DupermanDave Posted July 15, 2010 Share Posted July 15, 2010 (edited) If you've been following my threads here: http://www.ultimatesubaru.org/forum/showthread.php?t=101355 http://www.ultimatesubaru.org/forum/showthread.php?t=113770&page=2 I've been dealing with an oil leak for quite some time. I attempted to repair it last year and failed. This year I've gone the route of removing the engine and trying to get to the oil separator plate. I succeeded....sort of. I removed the engine and replaced the oil separator plate and used red RTV for the gasket. I put the engine back in and had a big transmission fluid leak. Turns out I tore the transmission seal and needed to replace that. So out came the engine a second time. Replaced the seal and put the engine back in. Now I've got what appears to be the exact same oil leak coming from between the engine and oil separator plate. I was almost completely positive the leak wasn't the rear main seal (although I do have that part standing by to be replaced.) The leak looked like it was the oil separator plate at the lower left portion of the plate.
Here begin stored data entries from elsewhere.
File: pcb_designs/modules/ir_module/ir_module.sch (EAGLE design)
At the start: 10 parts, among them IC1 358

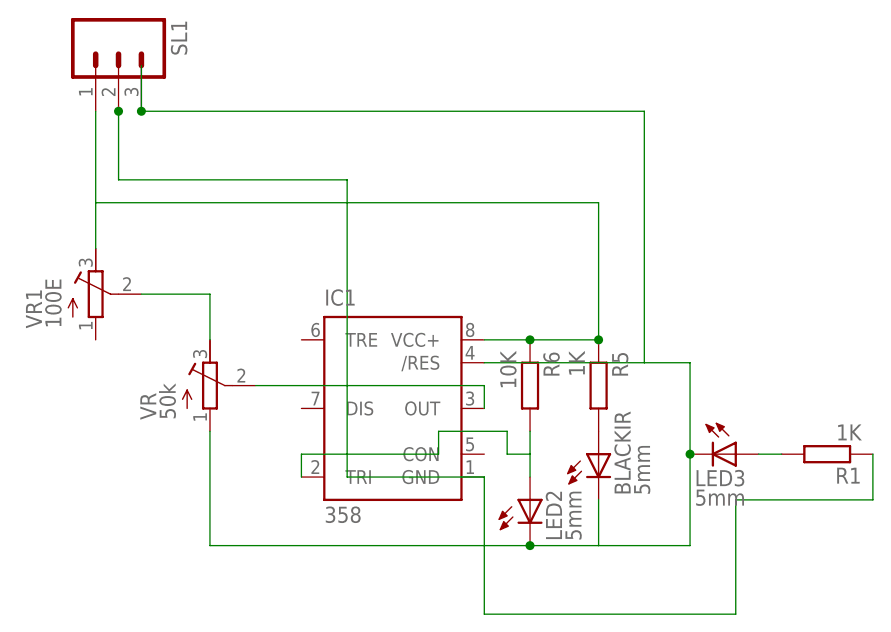
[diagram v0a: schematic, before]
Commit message: 
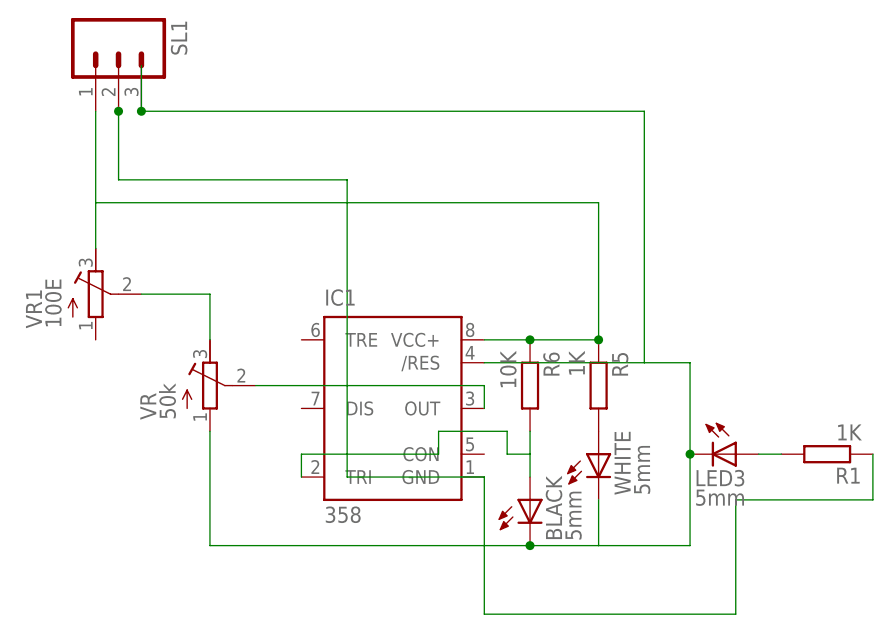
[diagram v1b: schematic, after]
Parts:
- renumbered BLACKIR to WHITE, LED2 to BLACK
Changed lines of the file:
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@@
 <part name="R1" library="rcl" deviceset="R-EU_" device="0204/7" value="1K"/>
 <part name="VR" library="resistor" deviceset="R-TRIMM" device="64P" value="50k"/>
-<part name="BLACKIR" library="led" deviceset="LED" device="5MM" value="5mm"/>
+<part name="WHITE" library="led" deviceset="LED" device="5MM" value="5mm"/>
 <part name="SL1" library="con-amp-quick" deviceset="M03" device=""/>
-<part name="LED2" library="led" deviceset="LED" device="5MM" value="5mm"/>
+<part name="BLACK" library="led" deviceset="LED" device="5MM" value="5mm"/>
 <part name="LED3" library="led" deviceset="LED" device="5MM" value="5mm"/>
 <part name="R5" library="rcl" deviceset="R-EU_" device="0204/7" value="1K"/>
@@
 <instance part="R1" gate="G$1" x="101.6" y="40.64" rot="R180"/>
 <instance part="VR" gate="G$1" x="33.02" y="48.26"/>
-<instance part="BLACKIR" gate="G$1" x="76.2" y="40.64"/>
+<instance part="WHITE" gate="G$1" x="76.2" y="40.64"/>
 <instance part="SL1" gate="G$1" x="22.86" y="86.36" rot="R270"/>
-<instance part="LED2" gate="G$1" x="68.58" y="35.56"/>
+<instance part="BLACK" gate="G$1" x="68.58" y="35.56"/>
 <instance part="LED3" gate="G$1" x="91.44" y="40.64" rot="R270"/>
 <instance part="R5" gate="G$1" x="76.2" y="48.26" rot="R270"/>
@@
 <segment>
 <pinref part="R5" gate="G$1" pin="2"/>
-<pinref part="BLACKIR" gate="G$1" pin="A"/>
+<pinref part="WHITE" gate="G$1" pin="A"/>
 </segment>
 </net>
@@
 <segment>
 <pinref part="R6" gate="G$1" pin="2"/>
-<pinref part="LED2" gate="G$1" pin="A"/>
+<pinref part="BLACK" gate="G$1" pin="A"/>
 <wire x1="68.58" y1="38.1" x2="68.58" y2="40.64" width="0.1524" layer="91"/>
 <wire x1="68.58" y1="40.64" x2="68.58" y2="43.18" width="0.1524" layer="91"/>
@@
 <net name="N$11" class="0">
 <segment>
-<pinref part="BLACKIR" gate="G$1" pin="C"/>
+<pinref part="WHITE" gate="G$1" pin="C"/>
 <wire x1="76.2" y1="30.48" x2="76.2" y2="35.56" width="0.1524" layer="91"/>
 <wire x1="68.58" y1="30.48" x2="76.2" y2="30.48" width="0.1524" layer="91"/>
-<pinref part="LED2" gate="G$1" pin="C"/>
+<pinref part="BLACK" gate="G$1" pin="C"/>
 <junction x="68.58" y="30.48"/>
 <pinref part="VR" gate="G$1" pin="E"/>

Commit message: 
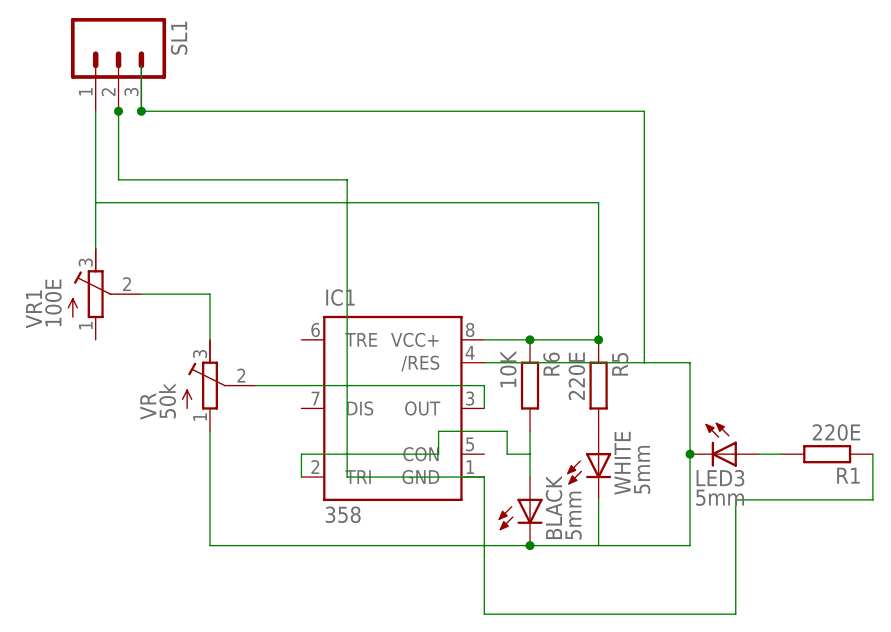
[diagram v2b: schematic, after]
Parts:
- R1, R5: value 1K -> 220E
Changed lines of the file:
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@@
 <parts>
 <part name="IC1" library="st-microelectronics" deviceset="NE555" device="" value="358"/>
-<part name="R1" library="rcl" deviceset="R-EU_" device="0204/7" value="1K"/>
+<part name="R1" library="rcl" deviceset="R-EU_" device="0204/7" value="220E"/>
 <part name="VR" library="resistor" deviceset="R-TRIMM" device="64P" value="50k"/>
 <part name="WHITE" library="led" deviceset="LED" device="5MM" value="5mm"/>
@@
 <part name="BLACK" library="led" deviceset="LED" device="5MM" value="5mm"/>
 <part name="LED3" library="led" deviceset="LED" device="5MM" value="5mm"/>
-<part name="R5" library="rcl" deviceset="R-EU_" device="0204/7" value="1K"/>
+<part name="R5" library="rcl" deviceset="R-EU_" device="0204/7" value="220E"/>
 <part name="R6" library="rcl" deviceset="R-EU_" device="0204/7" value="10K"/>
 <part name="VR1" library="resistor" deviceset="R-TRIMM" device="64P" value="100E"/>

It wasn't cracked, but the gasket was worn away. So here's my dilema: what is leaking? Should I replace the rear main seal, even though that may not be the problem? I'm pretty skilled with RTV, but could I have messed up the gasket on the oil separator plate? What's going on? I need some encouragement here. The oil only leaks when the engine is off and not running. When the engine is running it doesn't leak at all. When it's turned off, it leaks a good amount. When I added the oil, I poured all 5 quarts in because I read that was the requirement. Now I'm reading that 4 quarts is the limit. Is it possible I just overfilled it and that's causing the leak? Or could overfilling it caused too much pressure and broke the seal my RTV made with the oil plate and engine? Edited July 15, 2010 by DupermanDave Link to comment Share on other sites More sharing options...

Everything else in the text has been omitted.